Data records:
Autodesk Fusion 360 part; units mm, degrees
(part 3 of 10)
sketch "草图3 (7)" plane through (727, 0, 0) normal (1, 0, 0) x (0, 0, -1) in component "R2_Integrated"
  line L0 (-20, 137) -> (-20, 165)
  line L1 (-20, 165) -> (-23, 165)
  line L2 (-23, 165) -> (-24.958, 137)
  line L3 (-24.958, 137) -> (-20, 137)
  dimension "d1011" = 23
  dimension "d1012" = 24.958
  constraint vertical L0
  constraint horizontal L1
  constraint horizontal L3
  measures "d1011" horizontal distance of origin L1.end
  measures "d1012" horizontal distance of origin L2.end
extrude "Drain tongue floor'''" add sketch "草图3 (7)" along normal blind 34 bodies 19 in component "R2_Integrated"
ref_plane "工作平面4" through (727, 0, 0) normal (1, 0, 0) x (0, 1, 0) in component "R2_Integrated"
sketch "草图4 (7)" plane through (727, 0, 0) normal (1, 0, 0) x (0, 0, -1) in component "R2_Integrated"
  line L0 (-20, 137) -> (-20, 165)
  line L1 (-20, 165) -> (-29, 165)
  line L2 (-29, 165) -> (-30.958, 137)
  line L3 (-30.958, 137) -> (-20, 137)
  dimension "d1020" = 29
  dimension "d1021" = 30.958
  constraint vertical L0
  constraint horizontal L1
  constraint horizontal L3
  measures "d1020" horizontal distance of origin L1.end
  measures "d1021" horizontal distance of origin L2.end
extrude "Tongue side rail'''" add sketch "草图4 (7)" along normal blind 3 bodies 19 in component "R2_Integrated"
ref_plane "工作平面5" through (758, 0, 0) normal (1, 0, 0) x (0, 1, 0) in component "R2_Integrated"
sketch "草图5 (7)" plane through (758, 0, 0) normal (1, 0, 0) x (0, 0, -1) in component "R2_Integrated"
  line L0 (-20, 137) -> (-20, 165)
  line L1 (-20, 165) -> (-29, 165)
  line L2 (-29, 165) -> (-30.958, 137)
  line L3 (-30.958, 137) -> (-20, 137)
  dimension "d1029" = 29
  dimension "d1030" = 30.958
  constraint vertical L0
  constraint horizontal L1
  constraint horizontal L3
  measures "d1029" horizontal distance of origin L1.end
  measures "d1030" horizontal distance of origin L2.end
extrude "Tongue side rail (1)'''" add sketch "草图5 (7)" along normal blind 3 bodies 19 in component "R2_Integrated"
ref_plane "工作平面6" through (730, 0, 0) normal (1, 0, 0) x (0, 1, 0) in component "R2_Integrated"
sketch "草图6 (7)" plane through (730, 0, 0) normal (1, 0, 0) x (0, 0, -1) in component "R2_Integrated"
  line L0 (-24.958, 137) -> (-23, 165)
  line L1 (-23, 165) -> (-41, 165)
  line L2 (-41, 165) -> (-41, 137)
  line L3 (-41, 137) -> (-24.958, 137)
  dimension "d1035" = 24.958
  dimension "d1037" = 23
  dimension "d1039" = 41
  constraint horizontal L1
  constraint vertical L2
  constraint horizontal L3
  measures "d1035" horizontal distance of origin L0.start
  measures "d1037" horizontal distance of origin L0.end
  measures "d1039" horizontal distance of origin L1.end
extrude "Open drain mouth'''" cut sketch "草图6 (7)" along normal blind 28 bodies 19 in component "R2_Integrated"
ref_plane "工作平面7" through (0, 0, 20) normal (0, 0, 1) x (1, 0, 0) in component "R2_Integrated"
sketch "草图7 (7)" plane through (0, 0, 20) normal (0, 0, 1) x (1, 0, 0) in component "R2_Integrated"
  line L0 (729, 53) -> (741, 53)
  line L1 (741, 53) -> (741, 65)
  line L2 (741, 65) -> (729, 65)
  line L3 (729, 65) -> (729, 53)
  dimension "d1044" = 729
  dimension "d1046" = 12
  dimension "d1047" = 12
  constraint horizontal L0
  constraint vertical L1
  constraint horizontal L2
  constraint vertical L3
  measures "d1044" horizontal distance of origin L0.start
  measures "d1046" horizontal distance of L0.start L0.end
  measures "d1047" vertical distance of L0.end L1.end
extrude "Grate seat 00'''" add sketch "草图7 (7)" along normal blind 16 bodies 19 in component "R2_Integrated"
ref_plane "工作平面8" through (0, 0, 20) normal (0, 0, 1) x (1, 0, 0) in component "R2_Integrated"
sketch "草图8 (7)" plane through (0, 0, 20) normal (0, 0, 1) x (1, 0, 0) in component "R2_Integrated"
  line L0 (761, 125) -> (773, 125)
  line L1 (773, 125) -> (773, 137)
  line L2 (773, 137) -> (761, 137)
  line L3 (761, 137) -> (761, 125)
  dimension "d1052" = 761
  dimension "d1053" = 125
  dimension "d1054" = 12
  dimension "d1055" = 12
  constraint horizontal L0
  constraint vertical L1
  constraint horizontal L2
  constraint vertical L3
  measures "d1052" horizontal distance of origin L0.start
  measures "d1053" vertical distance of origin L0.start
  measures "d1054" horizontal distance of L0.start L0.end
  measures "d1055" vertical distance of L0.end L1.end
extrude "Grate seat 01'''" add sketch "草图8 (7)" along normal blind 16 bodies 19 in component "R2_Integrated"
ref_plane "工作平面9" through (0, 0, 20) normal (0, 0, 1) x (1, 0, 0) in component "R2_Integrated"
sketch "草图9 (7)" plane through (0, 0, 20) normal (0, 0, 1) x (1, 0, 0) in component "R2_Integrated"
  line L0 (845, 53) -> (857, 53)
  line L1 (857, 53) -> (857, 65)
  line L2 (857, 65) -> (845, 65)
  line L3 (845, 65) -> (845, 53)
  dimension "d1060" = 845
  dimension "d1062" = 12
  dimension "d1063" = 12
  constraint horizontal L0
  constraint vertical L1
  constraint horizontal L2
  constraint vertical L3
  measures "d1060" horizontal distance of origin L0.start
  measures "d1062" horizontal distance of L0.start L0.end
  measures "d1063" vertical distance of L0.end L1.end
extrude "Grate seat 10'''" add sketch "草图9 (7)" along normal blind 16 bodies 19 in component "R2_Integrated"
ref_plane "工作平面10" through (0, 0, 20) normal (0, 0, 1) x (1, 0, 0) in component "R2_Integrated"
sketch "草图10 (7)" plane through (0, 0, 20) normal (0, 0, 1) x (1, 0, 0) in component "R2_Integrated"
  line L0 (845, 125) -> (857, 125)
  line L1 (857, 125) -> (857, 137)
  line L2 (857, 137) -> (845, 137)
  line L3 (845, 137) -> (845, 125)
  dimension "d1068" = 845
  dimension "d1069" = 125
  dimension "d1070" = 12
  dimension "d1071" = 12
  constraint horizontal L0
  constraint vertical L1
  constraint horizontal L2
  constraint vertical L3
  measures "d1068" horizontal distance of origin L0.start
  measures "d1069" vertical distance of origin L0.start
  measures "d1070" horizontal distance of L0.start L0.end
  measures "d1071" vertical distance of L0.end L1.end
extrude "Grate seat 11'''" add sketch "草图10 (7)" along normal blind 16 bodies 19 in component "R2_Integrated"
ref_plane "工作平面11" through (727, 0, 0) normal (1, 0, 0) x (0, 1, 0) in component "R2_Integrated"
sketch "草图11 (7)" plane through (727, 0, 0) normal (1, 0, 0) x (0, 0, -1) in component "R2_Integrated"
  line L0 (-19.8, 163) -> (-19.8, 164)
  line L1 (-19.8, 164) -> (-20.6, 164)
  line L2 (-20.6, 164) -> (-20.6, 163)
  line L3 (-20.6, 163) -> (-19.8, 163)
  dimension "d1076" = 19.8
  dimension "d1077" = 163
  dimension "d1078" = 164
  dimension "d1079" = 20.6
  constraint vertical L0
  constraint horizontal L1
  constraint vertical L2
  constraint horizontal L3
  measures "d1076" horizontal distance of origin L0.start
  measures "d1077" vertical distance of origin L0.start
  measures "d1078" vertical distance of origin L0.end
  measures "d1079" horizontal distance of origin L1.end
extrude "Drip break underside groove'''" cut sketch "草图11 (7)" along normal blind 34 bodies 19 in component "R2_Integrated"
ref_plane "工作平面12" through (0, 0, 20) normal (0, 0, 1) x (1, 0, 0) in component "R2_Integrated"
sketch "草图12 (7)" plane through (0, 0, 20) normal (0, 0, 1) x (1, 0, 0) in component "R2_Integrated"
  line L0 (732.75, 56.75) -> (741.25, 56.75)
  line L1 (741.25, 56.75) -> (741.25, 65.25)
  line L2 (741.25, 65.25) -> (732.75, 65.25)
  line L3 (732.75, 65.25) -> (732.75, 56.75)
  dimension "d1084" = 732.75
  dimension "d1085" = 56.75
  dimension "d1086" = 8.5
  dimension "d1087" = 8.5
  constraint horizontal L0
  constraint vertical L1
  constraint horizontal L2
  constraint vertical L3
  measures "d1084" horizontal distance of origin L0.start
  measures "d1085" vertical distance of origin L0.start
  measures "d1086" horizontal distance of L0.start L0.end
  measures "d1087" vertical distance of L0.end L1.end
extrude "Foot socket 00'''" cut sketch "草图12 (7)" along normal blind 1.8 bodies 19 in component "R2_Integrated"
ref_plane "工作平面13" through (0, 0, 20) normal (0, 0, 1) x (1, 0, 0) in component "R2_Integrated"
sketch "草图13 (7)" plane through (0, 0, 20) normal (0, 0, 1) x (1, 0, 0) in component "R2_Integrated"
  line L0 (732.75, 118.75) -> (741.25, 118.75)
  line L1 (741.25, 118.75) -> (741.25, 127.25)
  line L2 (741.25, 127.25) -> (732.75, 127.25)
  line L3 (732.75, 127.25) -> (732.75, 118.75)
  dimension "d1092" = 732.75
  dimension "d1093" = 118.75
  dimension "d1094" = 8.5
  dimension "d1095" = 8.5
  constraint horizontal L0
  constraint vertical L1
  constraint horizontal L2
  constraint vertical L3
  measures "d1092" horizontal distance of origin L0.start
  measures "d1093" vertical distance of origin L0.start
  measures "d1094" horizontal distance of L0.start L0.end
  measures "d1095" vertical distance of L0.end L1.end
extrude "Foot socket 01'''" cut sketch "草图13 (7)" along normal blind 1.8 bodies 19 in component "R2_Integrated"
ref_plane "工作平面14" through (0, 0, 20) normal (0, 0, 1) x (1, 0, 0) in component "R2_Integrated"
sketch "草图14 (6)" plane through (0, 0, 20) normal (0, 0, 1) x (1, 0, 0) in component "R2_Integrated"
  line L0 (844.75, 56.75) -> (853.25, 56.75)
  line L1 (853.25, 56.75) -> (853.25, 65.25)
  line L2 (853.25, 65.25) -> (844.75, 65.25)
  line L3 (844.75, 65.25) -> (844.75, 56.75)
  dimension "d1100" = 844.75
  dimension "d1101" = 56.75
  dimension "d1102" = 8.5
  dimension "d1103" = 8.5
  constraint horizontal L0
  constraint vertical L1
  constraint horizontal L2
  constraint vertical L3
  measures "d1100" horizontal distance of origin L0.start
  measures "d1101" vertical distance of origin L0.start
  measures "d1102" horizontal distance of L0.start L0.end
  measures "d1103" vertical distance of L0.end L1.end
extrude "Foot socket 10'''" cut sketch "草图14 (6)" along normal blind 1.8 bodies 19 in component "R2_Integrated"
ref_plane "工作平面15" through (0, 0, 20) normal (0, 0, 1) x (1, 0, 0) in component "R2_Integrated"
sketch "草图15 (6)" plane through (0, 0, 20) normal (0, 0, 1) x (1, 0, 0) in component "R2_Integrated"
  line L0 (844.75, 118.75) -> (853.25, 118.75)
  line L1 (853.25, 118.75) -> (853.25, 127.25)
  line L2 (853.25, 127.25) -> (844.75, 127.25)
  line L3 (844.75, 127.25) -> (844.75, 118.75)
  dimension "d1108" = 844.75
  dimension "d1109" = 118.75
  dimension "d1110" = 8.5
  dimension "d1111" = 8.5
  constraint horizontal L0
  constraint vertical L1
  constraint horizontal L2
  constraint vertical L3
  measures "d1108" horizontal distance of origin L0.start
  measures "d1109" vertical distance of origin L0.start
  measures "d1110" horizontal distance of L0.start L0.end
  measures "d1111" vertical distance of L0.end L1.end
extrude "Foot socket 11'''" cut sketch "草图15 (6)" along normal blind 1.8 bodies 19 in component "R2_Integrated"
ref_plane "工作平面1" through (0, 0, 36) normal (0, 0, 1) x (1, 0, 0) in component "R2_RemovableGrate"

YOUR TASK »
Working from the entries above, filter out every line that lacks "rail" and copy what remains.

OUTPUT FOR THIS TASK »
extrude "Tongue side rail'''" add sketch "草图4 (7)" along normal blind 3 bodies 19 in component "R2_Integrated"
extrude "Tongue side rail (1)'''" add sketch "草图5 (7)" along normal blind 3 bodies 19 in component "R2_Integrated"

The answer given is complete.